La commune de Crest a approuvé, par une délibération du 30 mars 2007, le programme d’aménagement d’ensemble (PAE) du quartier Saint-Antoine, un quartier important de l’ouest de la commune, d’environ 10 hectares, dont le PLU approuvé le 17 mars 2006 avait prévu l’urbanisation en raison de la forte demande locale en matière d’habitat. Pour mener à bien le programme d’équipements nécessaire à cette urbanisation, qui correspond globalement à la réalisation de quelques 120 logements, cette délibération a donc prévu qu’une participation serait demandée aux constructeurs, en lieu et place de la taxe locale d’équipement (TLE), laquelle apparaissait insuffisante pour le financement de ce programme.
Dans ce cadre, la société Khor Immobilier, promoteur-lotisseur, aux droits de laquelle est venue la société F., a été chargée de réaliser les voies et réseaux divers d’un lotissement de 28 lots dénommé « Le Clos Saint-Antoine ». Elle a obtenu, tacitement, un premier permis d’aménager, le 24 septembre 2011, pour la création de ce lotissement.

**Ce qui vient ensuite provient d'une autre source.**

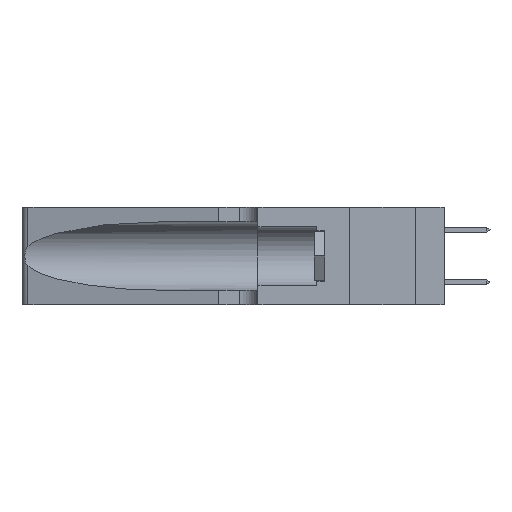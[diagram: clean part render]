
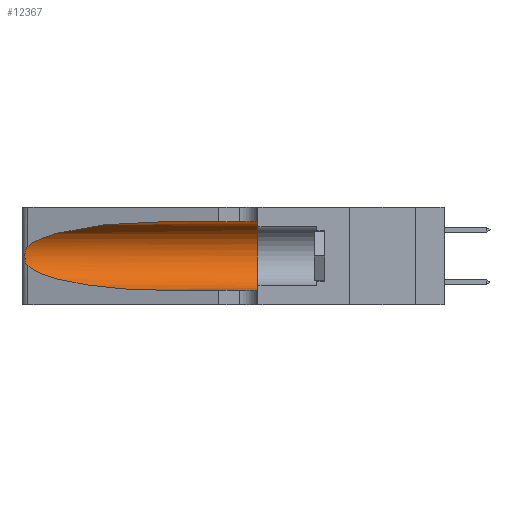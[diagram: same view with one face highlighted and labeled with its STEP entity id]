
A CAD part, left-side view. The second image highlights one B-rep face of the part: STEP entity #12367.
In plain terms, the highlighted cylindrical face has radius 3.308 mm (diameter 6.617 mm), a partial arc.
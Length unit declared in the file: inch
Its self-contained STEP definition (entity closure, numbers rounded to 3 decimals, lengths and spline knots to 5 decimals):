
#228 = FACE_OUTER_BOUND ( 'NONE', #19001, .T. ) ;
#380 = CARTESIAN_POINT ( 'NONE',  ( 0.1305, 0.72297, 0.05475 ) ) ;
#516 = ORIENTED_EDGE ( 'NONE', *, *, #13768, .T. ) ;
#871 = CARTESIAN_POINT ( 'NONE',  ( 0.1305, 1.61858, 0.185 ) ) ;
#1123 = CARTESIAN_POINT ( 'NONE',  ( 0.1305, 0.35, 0.185 ) ) ;
#1201 = CARTESIAN_POINT ( 'NONE',  ( 0.25789, 1.23486, 0.15765 ) ) ;
#1258 = CARTESIAN_POINT ( 'NONE',  ( 0.25555, 1.22993, 0.14849 ) ) ;
#1989 = LINE ( 'NONE', #3608, #13814 ) ;
#2241 = VERTEX_POINT ( 'NONE', #9832 ) ;
#2461 = DIRECTION ( 'NONE',  ( 0., 0., 1. ) ) ;
#2608 = CARTESIAN_POINT ( 'NONE',  ( 0.25555, 1.22994, 0.2215 ) ) ;
#3102 = CARTESIAN_POINT ( 'NONE',  ( 0.25487, 1.22718, 0.14631 ) ) ;
#3395 = CARTESIAN_POINT ( 'NONE',  ( 0.1305, 0.72297, 0.05475 ) ) ;
#3582 = DIRECTION ( 'NONE',  ( 0., -1., 0. ) ) ;
#3608 = CARTESIAN_POINT ( 'NONE',  ( 0.1305, 1.61858, 0.31525 ) ) ;
#3648 = B_SPLINE_CURVE_WITH_KNOTS ( 'NONE', 3,
 ( #5726, #2608, #18833, #13177, #7185, #18904, #10280, #8810, #13240, #10069, #1201, #10146, #1258, #10410 ),
 .UNSPECIFIED., .F., .F.,
 ( 4, 2, 2, 2, 2, 2, 4 ),
 ( 0., 0.00027, 0.00053, 0.00107, 0.0016, 0.00187, 0.00214 ),
 .UNSPECIFIED. ) ;
#4311 = CARTESIAN_POINT ( 'NONE',  ( 0.25487, 1.22718, 0.22369 ) ) ;
#4944 = VERTEX_POINT ( 'NONE', #6935 ) ;
#5125 = CARTESIAN_POINT ( 'NONE',  ( 0.1305, 1.61858, 0.05475 ) ) ;
#5550 = EDGE_CURVE ( 'NONE', #4944, #12976, #6514, .T. ) ;
#5726 = CARTESIAN_POINT ( 'NONE',  ( 0.25487, 1.22718, 0.22369 ) ) ;
#6514 =( BOUNDED_CURVE ( )  B_SPLINE_CURVE ( 3, ( #13890, #14011, #10475, #4311 ),
 .UNSPECIFIED., .F., .T. ) 
 B_SPLINE_CURVE_WITH_KNOTS ( ( 4, 4 ),
 ( 1.5708, 2.84003 ),
 .UNSPECIFIED. ) 
 CURVE ( )  GEOMETRIC_REPRESENTATION_ITEM ( )  RATIONAL_B_SPLINE_CURVE ( ( 1., 0.87, 0.87, 1. ) ) 
 REPRESENTATION_ITEM ( '' )  );
#6935 = CARTESIAN_POINT ( 'NONE',  ( 0.1305, 0.72297, 0.31525 ) ) ;
#7185 = CARTESIAN_POINT ( 'NONE',  ( 0.25854, 1.2359, 0.20912 ) ) ;
#7713 = CARTESIAN_POINT ( 'NONE',  ( 0.2373, 1.15595, 0.08982 ) ) ;
#7820 = ORIENTED_EDGE ( 'NONE', *, *, #5550, .T. ) ;
#7871 = VERTEX_POINT ( 'NONE', #17467 ) ;
#8459 = VERTEX_POINT ( 'NONE', #17045 ) ;
#8810 = CARTESIAN_POINT ( 'NONE',  ( 0.26075, 1.23896, 0.178 ) ) ;
#9517 = ORIENTED_EDGE ( 'NONE', *, *, #10576, .T. ) ;
#9803 = LINE ( 'NONE', #5125, #11196 ) ;
#9832 = CARTESIAN_POINT ( 'NONE',  ( 0.1305, 0.35, 0.31525 ) ) ;
#10069 = CARTESIAN_POINT ( 'NONE',  ( 0.25856, 1.23593, 0.16098 ) ) ;
#10146 = CARTESIAN_POINT ( 'NONE',  ( 0.25639, 1.23186, 0.15144 ) ) ;
#10280 = CARTESIAN_POINT ( 'NONE',  ( 0.26075, 1.23896, 0.19203 ) ) ;
#10338 = ORIENTED_EDGE ( 'NONE', *, *, #11125, .T. ) ;
#10410 = CARTESIAN_POINT ( 'NONE',  ( 0.25487, 1.22718, 0.14631 ) ) ;
#10475 = CARTESIAN_POINT ( 'NONE',  ( 0.2373, 1.15595, 0.28018 ) ) ;
#10576 = EDGE_CURVE ( 'NONE', #13903, #8459, #9803, .T. ) ;
#11060 = DIRECTION ( 'NONE',  ( 0., -1., 0. ) ) ;
#11125 = EDGE_CURVE ( 'NONE', #12976, #7871, #3648, .T. ) ;
#11196 = VECTOR ( 'NONE', #15474, 39.37008 ) ;
#12252 = CYLINDRICAL_SURFACE ( 'NONE', #14804, 0.13025 ) ;
#12367 = ADVANCED_FACE ( 'NONE', ( #228 ), #12252, .F. ) ;
#12526 = CARTESIAN_POINT ( 'NONE',  ( 0.25487, 1.22718, 0.22369 ) ) ;
#12545 =( BOUNDED_CURVE ( )  B_SPLINE_CURVE ( 3, ( #3102, #7713, #13764, #380 ),
 .UNSPECIFIED., .F., .T. ) 
 B_SPLINE_CURVE_WITH_KNOTS ( ( 4, 4 ),
 ( 3.44316, 4.71239 ),
 .UNSPECIFIED. ) 
 CURVE ( )  GEOMETRIC_REPRESENTATION_ITEM ( )  RATIONAL_B_SPLINE_CURVE ( ( 1., 0.87, 0.87, 1. ) ) 
 REPRESENTATION_ITEM ( '' )  );
#12664 = CIRCLE ( 'NONE', #18042, 0.13025 ) ;
#12976 = VERTEX_POINT ( 'NONE', #12526 ) ;
#13177 = CARTESIAN_POINT ( 'NONE',  ( 0.25787, 1.23484, 0.2124 ) ) ;
#13240 = CARTESIAN_POINT ( 'NONE',  ( 0.26017, 1.23833, 0.17102 ) ) ;
#13252 = ORIENTED_EDGE ( 'NONE', *, *, #15007, .F. ) ;
#13764 = CARTESIAN_POINT ( 'NONE',  ( 0.18966, 0.96281, 0.05475 ) ) ;
#13768 = EDGE_CURVE ( 'NONE', #7871, #13903, #12545, .T. ) ;
#13814 = VECTOR ( 'NONE', #11060, 39.37008 ) ;
#13890 = CARTESIAN_POINT ( 'NONE',  ( 0.1305, 0.72297, 0.31525 ) ) ;
#13903 = VERTEX_POINT ( 'NONE', #3395 ) ;
#14011 = CARTESIAN_POINT ( 'NONE',  ( 0.18966, 0.96281, 0.31525 ) ) ;
#14703 = EDGE_CURVE ( 'NONE', #2241, #8459, #12664, .T. ) ;
#14804 = AXIS2_PLACEMENT_3D ( 'NONE', #871, #3582, #15413 ) ;
#15007 = EDGE_CURVE ( 'NONE', #4944, #2241, #1989, .T. ) ;
#15413 = DIRECTION ( 'NONE',  ( 0., 0., -1. ) ) ;
#15474 = DIRECTION ( 'NONE',  ( 0., -1., 0. ) ) ;
#15844 = ORIENTED_EDGE ( 'NONE', *, *, #14703, .F. ) ;
#17045 = CARTESIAN_POINT ( 'NONE',  ( 0.1305, 0.35, 0.05475 ) ) ;
#17467 = CARTESIAN_POINT ( 'NONE',  ( 0.25487, 1.22718, 0.14631 ) ) ;
#18042 = AXIS2_PLACEMENT_3D ( 'NONE', #1123, #18820, #2461 ) ;
#18820 = DIRECTION ( 'NONE',  ( 0., 1., 0. ) ) ;
#18833 = CARTESIAN_POINT ( 'NONE',  ( 0.25639, 1.23184, 0.21858 ) ) ;
#18904 = CARTESIAN_POINT ( 'NONE',  ( 0.26018, 1.23835, 0.19895 ) ) ;
#19001 = EDGE_LOOP ( 'NONE', ( #7820, #10338, #516, #9517, #15844, #13252 ) ) ;

Elle a ensuite obtenu, le 27 avril 2012, un permis d’aménager modificatif qui a fixé les modalités de calcul de sa participation au titre du PAE. Cette participation a été arrêtée à la somme de 283.173, 35 euros. La moitié a été appelée lors de l’ouverture du chantier et la société Khor l’a versée le 3 août 2012, après l’émission, le 26 juin 2012, d’un titre exécutoire de 141.588, 17 euros. L’autre moitié, du même montant donc, a fait l’objet d’un nouveau titre de recettes, le 25 juin 2014, que la société Khor a refusé de payer. Après une lettre de relance du 25 septembre 2014 et une mise en demeure de payer du 20 juillet 2015, le comptable public a mis en œuvre une opposition à tiers détenteur auprès de la banque de la société Khor. Le patrimoine de celle-ci ayant été transféré vers la société F., associée unique de la société Khor, un nouveau titre exécutoire, du même montant, a donc été émis le 4 décembre 2015, à l’encontre de la société F..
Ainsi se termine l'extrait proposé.